C'est là, dans un jardin où se trouve l'obligatoire piscine du Sud californien et un olivier qui lui rappelle le midi de la France, qu'elle a reçu La Presse. Un rare privilège. Elle revenait tout juste de son autre maison, à Paris. Un pied sur chaque continent, le vieux et le nouveau? «Pas vraiment, fait-elle de cette voix basse reconnaissable entre toutes. Paris et Los Angeles sont mes destinations principales, mais je me déplace beaucoup.» Beaucoup, et ailleurs. L'immobilité l'angoisse. «Autant j'aspire à être tranquille, surtout quand je suis ici - vous savez, Los Angeles, c'est assez lénifiant comme environnement - autant je ne conçois pas rester trop longtemps au même endroit.»

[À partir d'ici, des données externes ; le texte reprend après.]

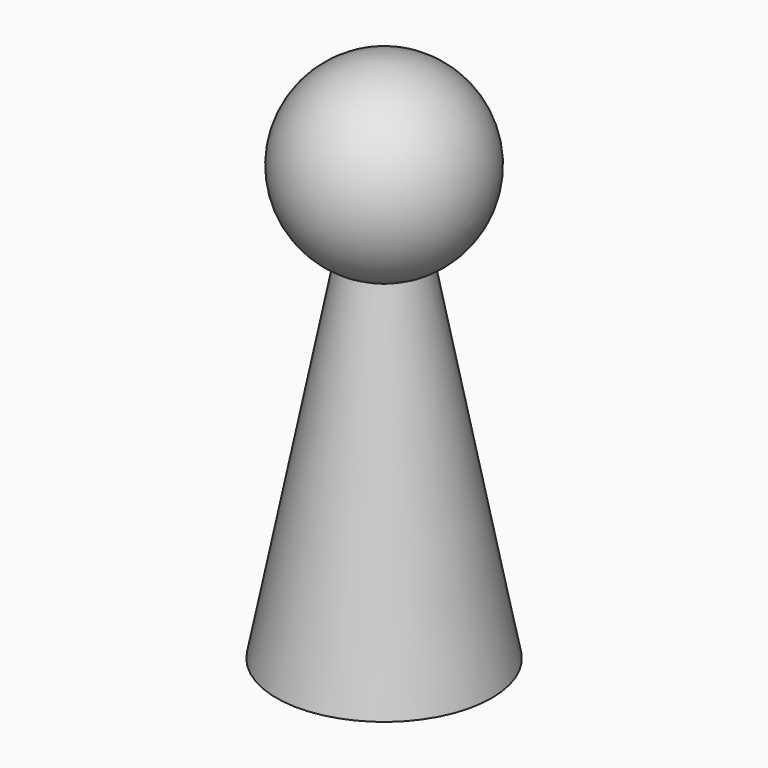
from build123d import *


# Not quite as in the source:
# - a feature names something its author has since deleted; it is built from what else it names


with BuildPart() as f1:
    # F0 (on Front) → F1 (revolve)
    with BuildSketch(Plane.XZ):
        with BuildLine():
            Line((21.2230402976, -44.6271188557), (7.7761935474, 24.4178486332))
            ThreePointArc((7.7761935474, 24.4178486332), (17.8766324697, 44.9836060593), (0, 59.3152234305))
            Line((0, 59.3152234305), (0, 22.6850768577))
            Line((0, 22.6850768577), (0, -43.8756793737))
            Line((0, -43.8756793737), (21.2230402976, -44.6271188557))
        make_face()
    revolve(axis=Axis((0, 0, -10.595301258), (0, 0, -1)))


solid = f1.part

Elle croit, elle sait, que cela vient de l'enfance. Du déracinement douloureux, à 13 ans tout juste, quand ses parents et elle ont dû quitter la Bulgarie. Direction Paris. Adaptation difficile. La cicatrice est restée. «Je ne regarde jamais en arrière, sauf pour la Bulgarie, mes parents, l'enfance. C'est un point douloureux, mélancolique, mais en même temps très beau. C'est la seule nostalgie que j'ai en moi», dit-elle, malgré le succès fulgurant, la carrière phénoménale. Carrière qui, d'ailleurs, ne l'a pas aidée à prendre racine: «Ce métier que j'ai commencé très jeune, à 16 ans, m'a structurée différemment, m'a amenée dans le monde entier. C'était tout le temps des départs et des arrivées, des valises et des hôtels. J'ai pris le pli. Je ne peux concevoir la vie autrement.»

Peut-être est-ce pour cela, pense-t-elle, qu'elle continue. Les tournées, les disques, la carrière. Depuis 50 ans cette année, elle chante, elle enregistre des disques, elle monte sur scène. Cinquante ans. Et aucune intention d'arrêter. «C'est un métier merveilleux, qui me fait encore rêver, que j'aime toujours autant et que j'ai la chance de pouvoir faire.» Un métier qui la met en prise avec les émotions de l'enfance. Elle aime pouvoir ainsi se brancher sur «une certaine ingénuité et fraîcheur des sentiments». Et elle n'a jamais été rassasiée du «contact enrichissant» avec le public.

Un contact plus profond, car il est direct, quand il se fait lors des tours de chant qu'elle privilégie ces derniers temps: elle, sur scène, avec quelques musiciens. C'est ce que l'on verra à Montréal. Où elle offrira de nouvelles chansons (des extraits, entre autres, de Soleil bleu, son nouveau disque, qui sera en vente au Québec à partir de mardi, pour lequel elle s'est entourée de Keren Ann, Étienne Daho, La Grande Sophie, Arthur H, son fils David Hallyday...); de même que les incontournables La plus belle pour aller danser, Comme un garçon, La Maritza, etc.

Vartan et les Beatles

Par une étrange coïncidence, le lendemain de son passage à Montréal, la métropole accueillera Sir Paul McCartney. Qu'elle a côtoyé au début de l'année 1964. Le légendaire Bruno Cocatrix avait eu une idée. Faire monter sur la scène de «son» Olympia, les chanteurs du moment, ceux qui faisaient craquer les jeunes en France, en Amérique et en Angleterre. Sylvie Vartan s'imposait pour l'Hexagone. Aux États-Unis, Trini Lopez cartonnait avec If I Had a Hammer. Et de l'autre côté de la Manche, les Beatles suscitaient les passions.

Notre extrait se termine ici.